Une discussion virtuelle sur le thème « La Liberté d’Information en Journalisme », animée par le conférencier Andrew McIntosh, a été organisée, jeudi 7 décembre 2017 à l’ambassade des Etats-Unis d’Amérique, à l’occasion de la Journée internationale de lutte contre la corruption.
Andrew McIntosh est un journaliste américain et expert des lois de la liberté de l’information. Il est le correspondant aéronautique du journal économique de Seattle, « The Puget Sound Business Journal ».
A cette occasion, le conférencier est revenu sur son expérience dans l’obtention d’informations vitales à travers les lois d’accès à l’information et aux documents pour combattre la corruption, ainsi que le rôle des médias dans la lutte contre la corruption et des stratégies du journalisme d’investigation.
Le Freedom of Information Act (FOIA) est une loi américaine qui est entrée en application en 1967. Fondée sur le principe du droit à l’information, elle oblige les agences fédérales à transmettre leurs documents, à quiconque en fait la demande, quelle que soit sa nationalité.

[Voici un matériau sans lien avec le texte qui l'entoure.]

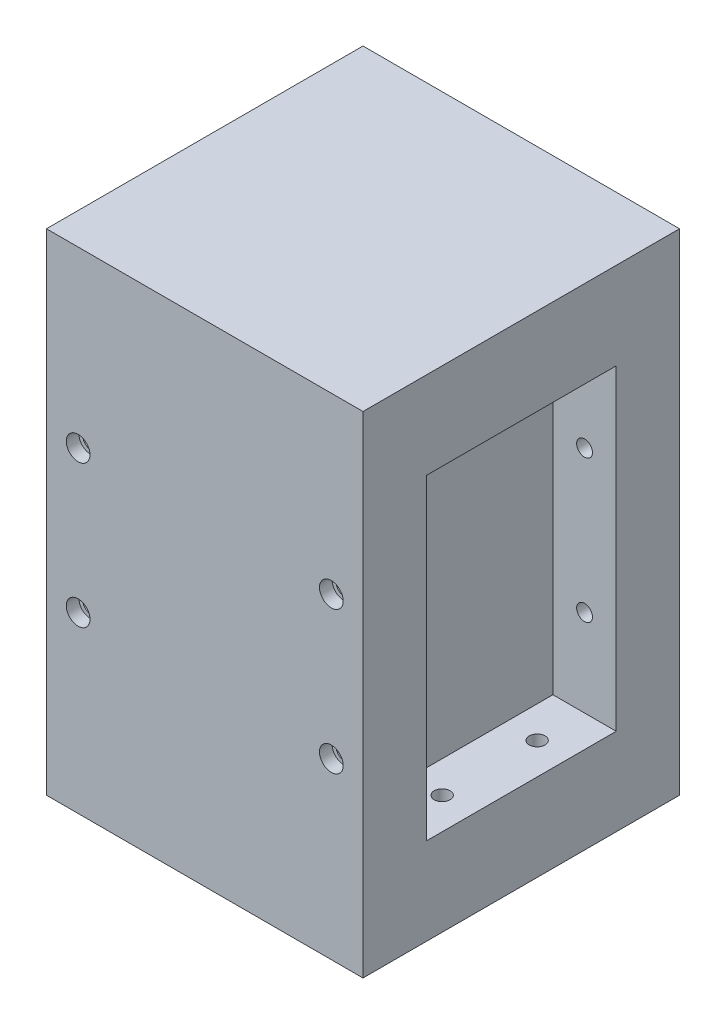
SolidWorks part; units mm, degrees
ref_plane "Front Plane" through (0, 0, 0) normal (0, 0, 1) x (1, 0, 0)
ref_plane "Top Plane" through (0, 0, 0) normal (0, 1, 0) x (1, 0, 0)
ref_plane "Right Plane" through (0, 0, 0) normal (1, 0, 0) x (0, 0, -1)
sketch "Sketch1" plane through (0, 0, 0) normal (0, 1, 0) x (1, 0, 0)
  line L0 (0, 0) -> (-62877.3227, 0) construction
  line L1 (0, 0) -> (0, -62877.3227) construction
  line L3 (-50, 50) -> (50, 50)
  line L4 (-50, 50) -> (-50, -50)
  line L5 (-50, -50) -> (50, -50)
  line L6 (50, 50) -> (50, -50)
  line L7 (-50, 50) -> (50, -50) construction
  line L8 (-50, -50) -> (50, 50) construction
  point P5 (0, 0)
  dimension "D1" = 100
extrude "Boss-Extrude1" add sketch "Sketch1" along normal blind 155 contours L4 L5 L6 L3
sketch "Sketch2" plane through (-50, 0, 0) normal (-1, 0, 0) x (0, 0, 1)
  line L0 (0, 0) -> (0, 50000) construction
  line L1 (-47.5, 77.5) -> (49952.5, 77.5) construction
  line L2 (-50, 155) -> (-50, 0) construction
  line L16 (-30, 127.5) -> (30, 127.5)
  line L21 (-30, 127.5) -> (-30, 27.5)
  line L22 (-30, 27.5) -> (30, 27.5)
  line L23 (30, 127.5) -> (30, 27.5)
  line L24 (-30, 127.5) -> (30, 27.5) construction
  line L25 (-30, 27.5) -> (30, 127.5) construction
  line L26 (-50, 155) -> (50, 155) construction
  point P7 (-50, 77.5)
  point P8 (0, 77.5)
  dimension "D1" = 77.5
  dimension "D3" = 60
  dimension "D2" = 100
extrude "Cut-Extrude1" cut sketch "Sketch2" against normal blind 20 contours L23 L22 L21 L16
mirror "Mirror1" about plane through (0, 0, 0) normal (1, 0, 0) of "Cut-Extrude1"
sketch "Sketch3" plane through (0, 0, 50) normal (0, 0, 1) x (1, 0, 0)
  line L0 (0, 0) -> (0, 50000) construction
  line L1 (-40, 145) -> (-40, -49855) construction
  line L3 (-50, 77.5) -> (49950, 77.5) construction
  line L4 (-50, 155) -> (-50, 0) construction
  circle A0 centre (-40, 100) radius 3.75
  circle A1 centre (-40, 55) radius 3.75
  circle A2 centre (40, 55) radius 3.75
  circle A3 centre (40, 100) radius 3.75
  point P9 (-50, 77.5)
  dimension "D2" = 7.5
  dimension "D3" = 22.5
  dimension "D1" = 10
extrude "Cut-Extrude2" cut sketch "Sketch3" against normal blind 4
mirror "Mirror2" about plane through (0, 0, 0) normal (0, 0, 1) of "Cut-Extrude2"
sketch "Sketch4" plane through (0, 0, 50) normal (0, 0, 1) x (1, 0, 0)
  line L0 (-50, 77.5) -> (49950, 77.5) construction
  line L1 (-50, 155) -> (-50, 0) construction
  line L2 (0, 0) -> (0, 50000) construction
  circle A0 centre (-40, 100) radius 2.5
  circle A1 centre (40, 100) radius 2.5
  circle A2 centre (40, 55) radius 2.5
  circle A3 centre (-40, 55) radius 2.5
  point P4 (-50, 77.5)
  dimension "D1" = 5
extrude "Cut-Extrude3" cut sketch "Sketch4" against normal through all
sketch "Sketch6" plane through (0, 0, 0) normal (0, -1, 0) x (1, 0, 0)
  line L0 (0, 0) -> (-50000, 0) construction
  line L1 (0, 0) -> (0, -50000) construction
  line L2 (-40, 43.43) -> (-40, -49956.57) construction
  line L4 (-50, -50) -> (-50, 50) construction
  circle A0 centre (-40, 15) radius 3.75
  circle A1 centre (40, 15) radius 3.75
  circle A2 centre (40, -15) radius 3.75
  circle A3 centre (-40, -15) radius 3.75
  dimension "D1" = 7.5
  dimension "D2" = 10
  dimension "D3" = 15
extrude "Cut-Extrude5" cut sketch "Sketch6" against normal blind 4
sketch "Sketch9" plane through (0, 0, 0) normal (0, -1, 0) x (1, 0, 0)
  line L0 (0, 0) -> (0, -50000) construction
  line L1 (0, 0) -> (-50000, 0) construction
  circle A0 centre (-40, 15) radius 2.5
  circle A1 centre (40, 15) radius 2.5
  circle A2 centre (40, -15) radius 2.5
  circle A3 centre (-40, -15) radius 2.5
  dimension "D1" = 5
extrude "Cut-Extrude7" cut sketch "Sketch9" against normal blind 50
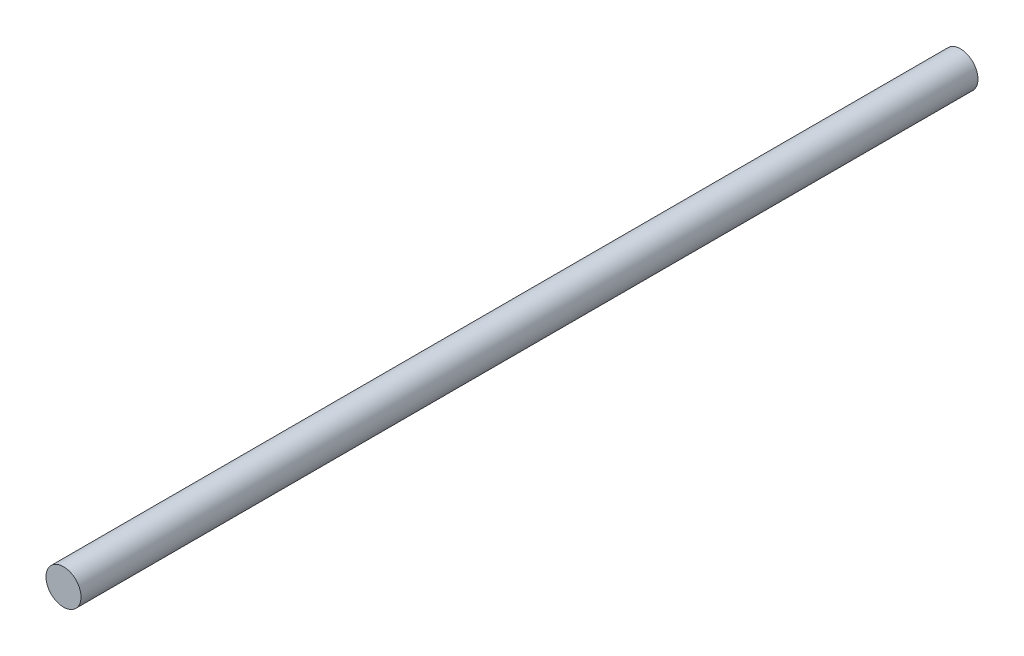
SolidWorks part; units mm, degrees
ref_plane "Front Plane" through (0, 0, 0) normal (0, 0, 1) x (1, 0, 0)
ref_plane "Top Plane" through (0, 0, 0) normal (0, 1, 0) x (1, 0, 0)
ref_plane "Right Plane" through (0, 0, 0) normal (1, 0, 0) x (0, 0, -1)
sketch "Sketch1" plane through (0, 0, 0) normal (0, 0, 1) x (1, 0, 0)
  circle A0 centre (0, 0) radius 12.7
  dimension "D1" = 25.4
extrude "Boss-Extrude1" add sketch "Sketch1" along normal blind 650

Pour sa part, la Loi d’accès à l’information du Québec qui date de 1982 est une loi sur l’accès aux documents des organismes publics et sur la protection des renseignements personnels détenus par les organismes publics et les entreprises privées.
Ces lois s’appliquent quelle que soit la forme des documents: écrite, graphique, sonore, visuelle, informatisée ou autre : elles n’incluent pas seulement les rapports et notes de services mais également les textos, courriels, factures, talons de chèques, etc.
Bien que ces lois ne soient pas populaires, elles restent cependant un pilier important. Elles ont permis, selon M. McIntosh, l’essor du data journalisme et du journalisme d’investigation. Elles sont un outil important pour augmenter la transparence dans le public et le privé. Elles ont permis de révéler plusieurs scandales de corruption ainsi que de malversation.
En cas de refus de données d’accès aux informations demandées des recours existent, explique le conférencier, et qui sont différents selon les pays. Au Canada, par exemple, il faut passer devant une commission alors qu’aux Etats-Unis, un juge pourrait statuer sur l’affaire.
Le journaliste a évoqué la manière avec laquelle les journalistes pouvaient recourir à des tiers pour accéder à des informations, sans éveiller la vigilance des administrations concernées. Ceci dit, il a souligné l’importance de donner à ses institutions le droit de se défendre dans un souci d’équité.
La discussion s’est déroulée en présence virtuelle de participants d’Abidjan.